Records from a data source

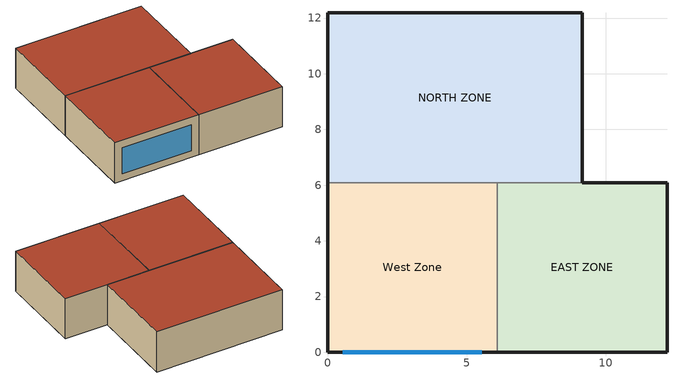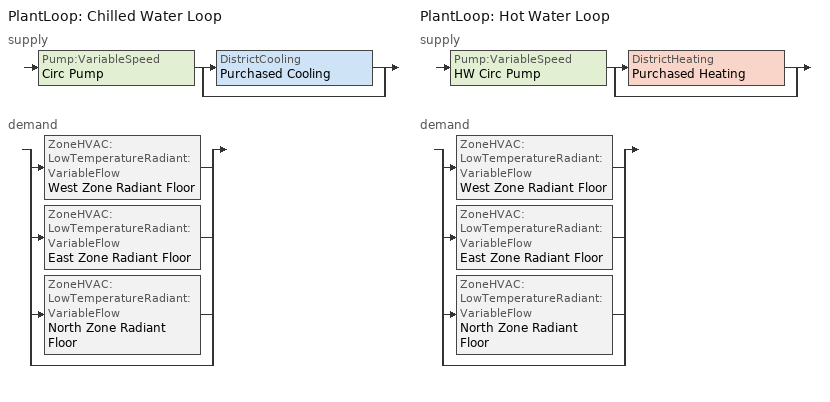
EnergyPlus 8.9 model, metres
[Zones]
West Zone
 floor ground (Slab Floor with Radiant): 0,0 0,6.1 6.1,6.1 6.1,0 z0
 wall outside (EXTWALL80): 0,6.1 0,0 6.1,0 z0:3.05
 wall to NORTH ZONE (PARTITION06): 6.1,6.1 0,6.1 z0:3.05
 wall to EAST ZONE (PARTITION06): 6.1,0 6.1,6.1 z0:3.05
 window (WIN-CON-LIGHT): 0.55,0 5.55,0 z0.5:2.5
 roof outside (ROOF34): 0,6.1 0,0 6.1,0 6.1,6.1 z3.05
EAST ZONE
 floor ground (Slab Floor with Radiant): 6.1,0 6.1,6.1 12.19,6.1 12.19,0 z0
 wall outside (EXTWALL80): 6.1,0 12.19,0 12.19,6.1 9.14,6.1 z0:3.05
 wall to NORTH ZONE (PARTITION06): 9.14,6.1 6.1,6.1 z0:3.05
 roof outside (ROOF34): 6.1,6.1 6.1,0 12.19,0 12.19,6.1 z3.05
NORTH ZONE
 floor ground (Slab Floor with Radiant): 0,6.1 0,12.19 9.14,12.19 9.14,6.1 z0
 wall outside (EXTWALL80): 9.14,6.1 9.14,12.19 0,12.19 0,6.1 z0:3.05
 roof outside (ROOF34): 0,12.19 0,6.1 9.14,6.1 9.14,12.19 z3.05
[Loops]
PlantLoop 'Chilled Water Loop'
 supply: Pump:VariableSpeed 'Circ Pump' > split
  | DistrictCooling 'Purchased Cooling'
  | bypass
 demand: split
  | ZoneHVAC:LowTemperatureRadiant:VariableFlow 'West Zone Radiant Floor'
  | ZoneHVAC:LowTemperatureRadiant:VariableFlow 'East Zone Radiant Floor'
  | ZoneHVAC:LowTemperatureRadiant:VariableFlow 'North Zone Radiant Floor'
  | bypass
PlantLoop 'Hot Water Loop'
 supply: Pump:VariableSpeed 'HW Circ Pump' > split
  | DistrictHeating 'Purchased Heating'
  | bypass
 demand: split
  | ZoneHVAC:LowTemperatureRadiant:VariableFlow 'West Zone Radiant Floor'
  | ZoneHVAC:LowTemperatureRadiant:VariableFlow 'East Zone Radiant Floor'
  | ZoneHVAC:LowTemperatureRadiant:VariableFlow 'North Zone Radiant Floor'
  | bypass
[Building]
NONE: North Axis {deg}=0; Terrain=Suburbs; Loads Convergence Tolerance Value {W}=0.04; Temperature Convergence Tolerance Value {deltaC}=0.4; Solar Distribution=FullInteriorAndExterior; Maximum Number of Warmup Days=25; Minimum Number of Warmup Days=6
[Site:Location]
Chicago: Latitude {deg}=42; Longitude {deg}=-88; Time Zone {hr}=-6; Elevation {m}=186
[SizingPeriod:DesignDay] Day of Month=21; Humidity Condition Type=Wetbulb; Rain Indicator=No; Snow Indicator=No; Daylight Saving Time Indicator=No; Solar Model Indicator=ASHRAEClearSky
Name | Month | Day Type | Maximum Dry-Bulb Temperature {C} | Daily Dry-Bulb Temperature Range {deltaC} | Wetbulb or DewPoint at Maximum Dry-Bulb {C} | Barometric Pressure {Pa} | Wind Speed {m/s} | Wind Direction {deg} | Sky Clearness
Chicago ILLINOIS DRY SUMMER | 7 | SummerDesignDay | 32.77778 | 10.88889 | 10 | 99433.54 | 3.807968 | 213 | 0.98
Chicago ILLINOIS WINTER | 1 | WinterDesignDay | -21.1111 | 0 | -21.1111 | 99782.25 | 11.6 | 326 | 0
[SizingPeriod:WeatherFileDays] Use Weather File Daylight Saving Period=No; Use Weather File Rain and Snow Indicators=No
Name | Begin Month | Begin Day of Month | End Month | End Day of Month | Day of Week for Start Day
Summer including Extreme Summer days | 7 | 18 | 7 | 25 | SummerDesignDay
Winter including Extreme Winter days | 1 | 25 | 2 | 1 | WinterDesignDay
[Site:GroundTemperature:BuildingSurface]
20.03, 20.03, 20.13, 20.3, 20.43, 20.52, 20.62, 20.77, 20.78, 20.55, 20.44, 20.2
[Material] Thermal Absorptance=0.9
Name | Roughness | Thickness {m} | Conductivity {W/m-K} | Density {kg/m3} | Specific Heat {J/kg-K} | Solar Absorptance | Visible Absorptance
A1 - 1 IN STUCCO | Smooth | 0.0253898 | 0.691831 | 1858.142 | 836.8 | 0.92 | 0.92
C4 - 4 IN COMMON BRICK | Rough | 0.101498 | 0.726422 | 1922.216 | 836.8 | 0.76 | 0.76
E1 - 3 / 4 IN PLASTER OR GYP BOARD | Smooth | 0.01905 | 0.726422 | 1601.846 | 836.8 | 0.92 | 0.92
C6 - 8 IN CLAY TILE | Smooth | 0.203302 | 0.570761 | 1121.292 | 836.8 | 0.82 | 0.82
E2 - 1 / 2 IN SLAG OR STONE | Rough | 0.0127102 | 1.435549 | 881.0155 | 1673.6 | 0.55 | 0.55
E3 - 3 / 8 IN FELT AND MEMBRANE | Rough | 0.00954024 | 0.190253 | 1121.292 | 1673.6 | 0.75 | 0.75
B5 - 1 IN DENSE INSULATION | VeryRough | 0.0253898 | 0.0432394 | 91.30524 | 836.8 | 0.5 | 0.5
C12 - 2 IN HW CONCRETE | MediumRough | 0.0509016 | 1.729577 | 2242.585 | 836.8 | 0.65 | 0.65
CONCRETE - DRIED SAND AND GRAVEL 4 IN | MediumRough | 0.1 | 1.29 | 2242.58 | 830 | 0.6 | 0.6
INS - EXPANDED EXT POLYSTYRENE R12 2 IN | Rough | 0.05 | 0.02 | 56.06 | 1210 | 0.5 | 0.5
GYP1 | MediumRough | 0.0127 | 0.7845 | 1842.12 | 988 | 0.5 | 0.5
GYP2 | MediumRough | 0.01905 | 0.7845 | 1842.12 | 988 | 0.5 | 0.5
FINISH FLOORING - TILE 1 / 16 IN | Smooth | 0.0016 | 0.17 | 1922.21 | 1250 | 0.5 | 0.5
[WindowMaterial:Glazing]
WIN-LAY-GLASS-LIGHT: Optical Data Type=SpectralAverage; Thickness {m}=0.003; Solar Transmittance at Normal Incidence=0.9; Front Side Solar Reflectance at Normal Incidence=0.031; Back Side Solar Reflectance at Normal Incidence=0.031; Visible Transmittance at Normal Incidence=0.9; Front Side Visible Reflectance at Normal Incidence=0.05; Back Side Visible Reflectance at Normal Incidence=0.05; Infrared Transmittance at Normal Incidence=0; Front Side Infrared Hemispherical Emissivity=0.84; Back Side Infrared Hemispherical Emissivity=0.84; Conductivity {W/m-K}=0.9
[Construction]
EXTWALL80: A1 - 1 IN STUCCO, C4 - 4 IN COMMON BRICK, E1 - 3 / 4 IN PLASTER OR GYP BOARD
PARTITION06: E1 - 3 / 4 IN PLASTER OR GYP BOARD, C6 - 8 IN CLAY TILE, E1 - 3 / 4 IN PLASTER OR GYP BOARD
ROOF34: E2 - 1 / 2 IN SLAG OR STONE, E3 - 3 / 8 IN FELT AND MEMBRANE, B5 - 1 IN DENSE INSULATION, C12 - 2 IN HW CONCRETE
WIN-CON-LIGHT: WIN-LAY-GLASS-LIGHT
[Construction:InternalSource]
Slab Floor with Radiant: 3, 4, 1, 0.1524, CONCRETE - DRIED SAND AND GRAVEL 4 IN, INS - EXPANDED EXT POLYSTYRENE R12 2 IN, GYP1, GYP2, FINISH FLOORING - TILE 1 / 16 IN
[Zone] Type=1; Multiplier=1; Ceiling Height {m}=autocalculate; Volume {m3}=autocalculate
West Zone; EAST ZONE; NORTH ZONE
[People] Number of People Schedule=Office Occupancy; Number of People Calculation Method=people; Fraction Radiant=0.3; Activity Level Schedule=Activity Sch; Carbon Dioxide Generation Rate {m3/s-W}=3.82E-8; Mean Radiant Temperature Calculation Type=ZoneAveraged; Work Efficiency Schedule=Work Eff Sch; Clothing Insulation Calculation Method=ClothingInsulationSchedule; Clothing Insulation Schedule=Clothing Sch; Air Velocity Schedule=Air Velo Sch; Thermal Comfort Model 1 Type=FANGER
Name | Zone or ZoneList or Space or SpaceList | Number of People
West Zone | West Zone | 3
EAST ZONE | EAST ZONE | 3
NORTH ZONE | NORTH ZONE | 4
[ElectricEquipment] Schedule=Intermittent; Design Level Calculation Method=EquipmentLevel; Fraction Latent=0; Fraction Radiant=0.3; Fraction Lost=0
Name | Zone or ZoneList or Space or SpaceList | Design Level {W}
West Zone ElecEq 1 | West Zone | 928.751
EAST ZONE ElecEq 1 | EAST ZONE | 464.375
NORTH ZONE ElecEq 1 | NORTH ZONE | 464.375
[Lights] Schedule=Office Lighting; Design Level Calculation Method=LightingLevel; Lighting Level {W}=464.375; Return Air Fraction=0; Fraction Radiant=0.2; Fraction Visible=0.2; Fraction Replaceable=0
Name | Zone or ZoneList or Space or SpaceList
EAST ZONE Lights 1 | EAST ZONE
NORTH ZONE Lights 1 | NORTH ZONE
[ZoneInfiltration:DesignFlowRate] Schedule=ON; Design Flow Rate Calculation Method=flow/zone; Constant Term Coefficient=1; Temperature Term Coefficient=0; Velocity Term Coefficient=0; Velocity Squared Term Coefficient=0
Name | Zone or ZoneList or Space or SpaceList | Design Flow Rate {m3/s}
West Zone Infil 1 | West Zone | 0.01
EAST ZONE Infil 1 | EAST ZONE | 0.01
NORTH ZONE Infil 1 | NORTH ZONE | 0.015
[Sizing:Zone] Zone Cooling Design Supply Air Temperature Input Method=SupplyAirTemperature; Zone Cooling Design Supply Air Temperature {C}=16; Zone Heating Design Supply Air Temperature Input Method=SupplyAirTemperature; Zone Heating Design Supply Air Temperature {C}=40; Zone Cooling Design Supply Air Humidity Ratio {kgWater/kgDryAir}=0.009; Zone Heating Design Supply Air Humidity Ratio {kgWater/kgDryAir}=0.004; Zone Heating Sizing Factor=0; Zone Cooling Sizing Factor=0; Cooling Design Air Flow Method=DesignDay; Cooling Design Air Flow Rate {m3/s}=0; Heating Design Air Flow Method=DesignDay; Heating Design Air Flow Rate {m3/s}=0; Account for Dedicated Outdoor Air System=No; Dedicated Outdoor Air System Control Strategy=NeutralSupplyAir; Dedicated Outdoor Air Low Setpoint Temperature for Design {C}=autosize; Dedicated Outdoor Air High Setpoint Temperature for Design {C}=autosize
Name | Design Specification Outdoor Air Object
West Zone | SZ DSOA West Zone
EAST ZONE | SZ DSOA EAST ZONE
NORTH ZONE | SZ DSOA NORTH ZONE
[DesignSpecification:OutdoorAir] Outdoor Air Method=flow/person; Outdoor Air Flow per Person {m3/s-person}=0.00944; Outdoor Air Flow per Zone Floor Area {m3/s-m2}=0; Outdoor Air Flow per Zone {m3/s}=0
SZ DSOA West Zone; SZ DSOA EAST ZONE; SZ DSOA NORTH ZONE
[Sizing:Plant]
Name | Loop Type | Design Loop Exit Temperature {C} | Loop Design Temperature Difference {deltaC}
Hot Water Loop | heating | 60 | 10
Chilled Water Loop | cooling | 5 | 2
[PlantLoop] Fluid Type=Water; Maximum Loop Flow Rate {m3/s}=autosize; Minimum Loop Flow Rate {m3/s}=0; Plant Loop Volume {m3}=autocalculate; Load Distribution Scheme=Optimal
Name | Plant Equipment Operation Scheme | Maximum Loop Temperature {C} | Minimum Loop Temperature {C}
Chilled Water Loop | CW Loop Operation | 98 | 1
Hot Water Loop | Hot Loop Operation | 100 | 10
[SetpointManager:Scheduled] Control Variable=Temperature
Name | Schedule | Setpoint Node or NodeList
Chilled Water Loop Setpoint Manager | CW Loop Temp Schedule | Chilled Water Loop Setpoint Node List
Hot Water Loop Setpoint Manager | HW Loop Temp Schedule | Hot Water Loop Setpoint Node List
[PlantEquipmentOperationSchemes] Control Scheme 1 Schedule=ON
Name | Control Scheme 1
CW Loop Operation | Purchased Cooling Only
Hot Loop Operation | Purchased Only
[PlantEquipmentOperation:CoolingLoad]
Purchased Cooling Only: Load Range 1 Lower Limit {W}=0; Load Range 1 Upper Limit {W}=1000000; Range 1 Equipment List=cooling plant
[PlantEquipmentList]
cooling plant: Purchased Cooling
heating plant: Purchased Heating
[DistrictCooling]
Purchased Cooling: Nominal Capacity {W}=1000000
[Pump:VariableSpeed] Design Maximum Flow Rate {m3/s}=autosize; Design Pump Head {Pa}=179352; Design Power Consumption {W}=autosize; Motor Efficiency=0.9; Fraction of Motor Inefficiencies to Fluid Stream=0; Coefficient 1 of the Part Load Performance Curve=0; Coefficient 2 of the Part Load Performance Curve=1; Coefficient 3 of the Part Load Performance Curve=0; Coefficient 4 of the Part Load Performance Curve=0; Design Minimum Flow Rate {m3/s}=0; Pump Control Type=INTERMITTENT
Circ Pump; HW Circ Pump
[PlantEquipmentOperation:HeatingLoad]
Purchased Only: Load Range 1 Lower Limit {W}=0; Load Range 1 Upper Limit {W}=1000000; Range 1 Equipment List=heating plant
[DistrictHeating]
Purchased Heating: Nominal Capacity {W}=1000000
[ZoneControl:Thermostat] Control Type Schedule=Zone Control Type Sched; Control 1=Heating Setpoint with SB; Control 2=Cooling Setpoint with SB
Name | Zone or ZoneList
Zone 1 Thermostat | West Zone
Zone 2 Thermostat | EAST ZONE
Zone 3 Thermostat | NORTH ZONE
[ThermostatSetpoint:SingleHeating]
Heating Setpoint with SB: Setpoint Temperature Schedule=Heating Setpoints
[ThermostatSetpoint:SingleCooling]
Cooling Setpoint with SB: Setpoint Temperature Schedule=Cooling Setpoints
[Zone equipment]
West Zone: West Zone Radiant Floor
EAST ZONE: East Zone Radiant Floor
NORTH ZONE: North Zone Radiant Floor
[ZoneHVAC:LowTemperatureRadiant:VariableFlow] Availability Schedule=RadiantSysAvailSched; Hydronic Tubing Inside Diameter {m}=0.013; Hydronic Tubing Length {m}=Autosize; Temperature Control Type=MeanAirTemperature; Maximum Hot Water Flow {m3/s}=Autosize; Heating Control Throttling Range {deltaC}=2; Heating Control Temperature Schedule=Radiant Heating Setpoints; Maximum Cold Water Flow {m3/s}=Autosize; Cooling Control Throttling Range {deltaC}=2; Cooling Control Temperature Schedule=Radiant Cooling Setpoints; Condensation Control Type=Off; Condensation Control Dewpoint Offset {C}=1; Number of Circuits=OnePerSurface
Name | Zone | Surface Name or Radiant Surface Group | Heating Design Capacity Method | Heating Design Capacity {W} | Cooling Design Capacity Method | Cooling Design Capacity {W} | Heating Design Capacity Per Floor Area {W/m2} | Cooling Design Capacity Per Floor Area {W/m2} | Fraction of Autosized Heating Design Capacity | Fraction of Autosized Cooling Design Capacity
West Zone Radiant Floor | West Zone | Zn001:Flr001 | HeatingDesignCapacity | Autosize | CoolingDesignCapacity | Autosize
East Zone Radiant Floor | East Zone | Zn002:Flr001 | CapacityPerFloorArea |  | CapacityPerFloorArea |  | 156.944 | 139.919
North Zone Radiant Floor | North Zone | Zn003:Flr001 | FractionOfAutosizedHeatingCapacity |  | FractionOfAutosizedCoolingCapacity |  |  |  | 1 | 1
[Schedule:Compact]
Activity Sch: Through: 12/31, For: Alldays, Until: 24:00, 131.8
Work Eff Sch: Through: 12/31, For: Alldays, Until: 24:00, 0
Clothing Sch; ON; RADIANTSYSAVAILSCHED: Through: 12/31, For: Alldays, Until: 24:00, 1
Air Velo Sch: Through: 12/31, For: Alldays, Until: 24:00, 0.137
Office Occupancy: Through: 12/31, For: Weekdays, Until: 6:00, 0, Until: 7:00, 0.1, Until: 8:00, 0.5, Until: 12:00, 1, Until: 13:00, 0.5, Until: 16:00, 1, Until: 17:00, 0.5, Until: 18:00, 0.1, Until: 24:00, 0, For: Weekends Holidays CustomDay1 CustomDay2, Until: 24:00, 0, For: SummerDesignDay, Until: 24:00, 1, For: WinterDesignDay, Until: 24:00, 0.05
Intermittent: Through: 12/31, For: Weekdays, Until: 8:00, 0, Until: 18:00, 1, Until: 24:00, 0, For: Weekends Holidays CustomDay1 CustomDay2, Until: 24:00, 0, For: SummerDesignDay, Until: 24:00, 1, For: WinterDesignDay, Until: 24:00, 0.15
Office Lighting: Through: 12/31, For: Weekdays, Until: 6:00, 0.05, Until: 7:00, 0.2, Until: 17:00, 1, Until: 18:00, 0.5, Until: 24:00, 0.05, For: Weekends Holidays CustomDay1 CustomDay2, Until: 24:00, 0.05, For: SummerDesignDay, Until: 24:00, 1, For: WinterDesignDay, Until: 24:00, 0.15
CW LOOP TEMP SCHEDULE: Through: 12/31, For: Alldays, Until: 24:00, 5
HW LOOP TEMP SCHEDULE: Through: 12/31, For: Alldays, Until: 24:00, 60
HEATING SETPOINTS: Through: 12/31, For: Weekdays Weekends Holidays CustomDay1 CustomDay2, Until: 7:00, 15, Until: 17:00, 20, Until: 24:00, 15, For: SummerDesignDay, Until: 24:00, 15, For: WinterDesignDay, Until: 24:00, 20
COOLING SETPOINTS: Through: 12/31, For: Weekdays Weekends Holidays CustomDay1 CustomDay2, Until: 7:00, 30, Until: 17:00, 24, Until: 24:00, 30, For: SummerDesignDay, Until: 24:00, 24, For: WinterDesignDay, Until: 24:00, 50
ZONE CONTROL TYPE SCHED: Through: 3/31, For: Alldays, Until: 24:00, 1, Through: 9/30, For: Alldays, Until: 24:00, 2, Through: 12/31, For: Alldays, Until: 24:00, 1
RADIANT HEATING SETPOINTS: Through: 12/31, For: Alldays, Until: 7:00, 12, Until: 17:00, 17, Until: 24:00, 12
RADIANT COOLING SETPOINTS: Through: 12/31, For: Alldays, Until: 24:00, 26
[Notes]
RadLoTempHydrHeatCoolAuto.idf
Basic file description:  1 story building divided into 3 interior conditioned zones. Roof with no plenum.
No ground contact with floor.
Highlights:              Basic test of hydronic radiant heating and cooling systems with autosizing and two different
scalable sizing methods (CapacityPerFloorArea and FractionOfAutosizedHeatingCapacity)
Simulation Location/Run: CHICAGO_IL_USA TMY2-94846, 2 design days, 2 run periods,
Run Control executes the run periods using the weather file
Location:                Chicago, IL
Design Days:             CHICAGO_IL_USA Annual Heating 99% Design Conditions DB, MaxDB= -17.3°C
CHICAGO_IL_USA Annual Cooling 1% Design Conditions, MaxDB=  31.5°C MCWB=  23.0°C
And 2 7 day selections from the weather file.
Run Period (Weather File): Winter 1/14, Summer 7/7, CHICAGO_IL_USA TMY2-94846
Run Control:             Zone and System sizing with weather file run control (no design days run)
Building: Single floor rectangular L-shaped building 40 ft south wall, 40 ft west wall, zone height 10 feet.
There is a single window in West Zone's south wall. The walls are 1 in stucco over 4 in common brick
and gypboard. The roof is a built up roof with 1/2 in stone over 3/8 in felt over 1 in dense insulation
supported by 2 in heavy weight concrete. The window is single pane 3mm clear.
The window to wall ratio is approximately 0.07.
The building is oriented due north.
Floor Area:        130.1 m2 (1403 ft2)
Number of Stories: 1
Zone Description Details:
|       West         |         East           |    window = *
Internal gains description:     ZONE West      - lighting is 0 watts, equip is 928.751 watts, 3 occupants
Internal gains description:     ZONE North     - lighting is 464.375 watts, equip is 464.375 watts, 4 occupants
Internal gains description:     ZONE East      - lighting is 464.375 watts, equip is 464.375 watts, 3 occupants
Interzone Surfaces:             3 interzone surfaces (see diagram)
Internal Mass:                  None
Detached Shading:               None
Daylight:                       None
Natural Ventilation:            None
Compact Schedules:              Yes
Solair Distribution:            FullInteriorAndExterior
HVAC:                           3 zone radiant conditioning system with no air loop.
Thermostat setting at 20 C in winter with 15 C set back temperature, 24 C in summer
with 30 C set back temperature. Since
the radiant environment is different in a radiant system, the air temperatures that
the systems control to are slightly different than this. No outside air.
Heating loop served by purchased hot water.  Cooling loop served by purchase
chilled water.
Zonal Equipment:                LOW TEMP RADIANT SYSTEM:HYDRONIC
Central Air Handling Equipment: No
System Equipment Autosize:      Yes
Purchased Cooling:              No
Purchased Heating:              No
Purchased Chilled Water:        Yes
Purchased Hot Water:            Yes
Coils:                          None
Pumps:                          Pump:VariableSpeed
Boilers:                        None
Chillers:                       None
Towers:                         None
Standard Reports:               All Summary Predefined Reports
Timestep or Hourly Variables:   TimeStep
Time bins Report:               None
HTML Report:                    Predefined All Summary
Environmental Emissions:        None
Utility Tariffs:                None

* **Task to carry out**:
Copy every line of the data that holds the string "PLASTER".

* **Exercise answer**:
E1 - 3 / 4 IN PLASTER OR GYP BOARD | Smooth | 0.01905 | 0.726422 | 1601.846 | 836.8 | 0.92 | 0.92
EXTWALL80: A1 - 1 IN STUCCO, C4 - 4 IN COMMON BRICK, E1 - 3 / 4 IN PLASTER OR GYP BOARD
PARTITION06: E1 - 3 / 4 IN PLASTER OR GYP BOARD, C6 - 8 IN CLAY TILE, E1 - 3 / 4 IN PLASTER OR GYP BOARD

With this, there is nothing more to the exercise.